◆ **Stored dataset items**:
○ ○ ○ ○ ○ ○ ○

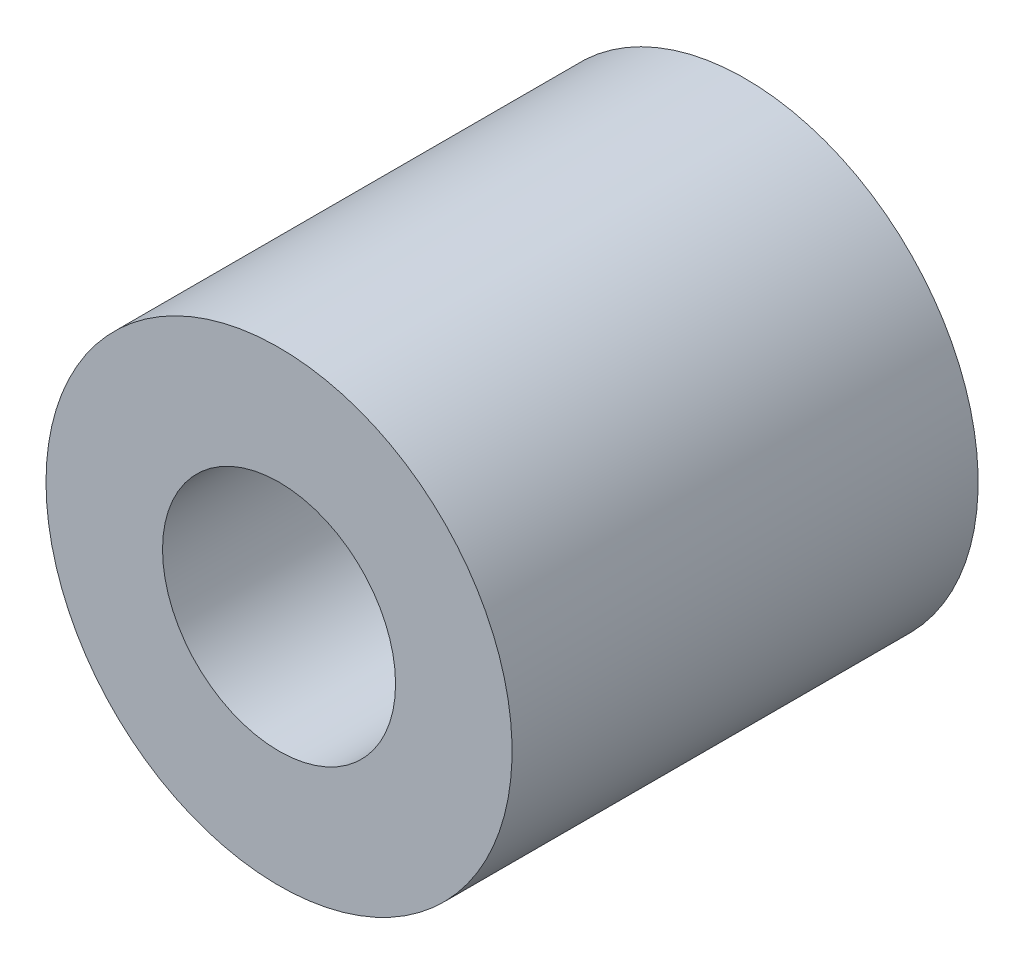
SolidWorks part; units mm, degrees
ref_plane "Front Plane" through (0, 0, 0) normal (0, 0, 1) x (1, 0, 0)
ref_plane "Top Plane" through (0, 0, 0) normal (0, 1, 0) x (1, 0, 0)
ref_plane "Right Plane" through (0, 0, 0) normal (1, 0, 0) x (0, 0, -1)
sketch "AnnulusProfile" plane through (0, 0, 0) normal (0, 1, 0) x (1, 0, 0)
  line L1 (3, 0) -> (6, 0)
  line L2 (3, 0) -> (3, -12)
  line L3 (3, -12) -> (6, -12)
  line L4 (6, 0) -> (6, -12)
  line L5 (0, 0) -> (0, -20) construction
  dimension "inner_radius_mm" = 3
  dimension "outer_radius_mm" = 6
  dimension "height_mm" = 12
revolve "Revolution" add sketch "AnnulusProfile" angle 360 about L5

○ ○ ○ ○ ○ ○ ○

◆ **Task to carry out**:
Print every entry above again without changing a word, and omit the pictures.

◆ **Task result**:
SolidWorks part; units mm, degrees
ref_plane "Front Plane" through (0, 0, 0) normal (0, 0, 1) x (1, 0, 0)
ref_plane "Top Plane" through (0, 0, 0) normal (0, 1, 0) x (1, 0, 0)
ref_plane "Right Plane" through (0, 0, 0) normal (1, 0, 0) x (0, 0, -1)
sketch "AnnulusProfile" plane through (0, 0, 0) normal (0, 1, 0) x (1, 0, 0)
  line L1 (3, 0) -> (6, 0)
  line L2 (3, 0) -> (3, -12)
  line L3 (3, -12) -> (6, -12)
  line L4 (6, 0) -> (6, -12)
  line L5 (0, 0) -> (0, -20) construction
  dimension "inner_radius_mm" = 3
  dimension "outer_radius_mm" = 6
  dimension "height_mm" = 12
revolve "Revolution" add sketch "AnnulusProfile" angle 360 about L5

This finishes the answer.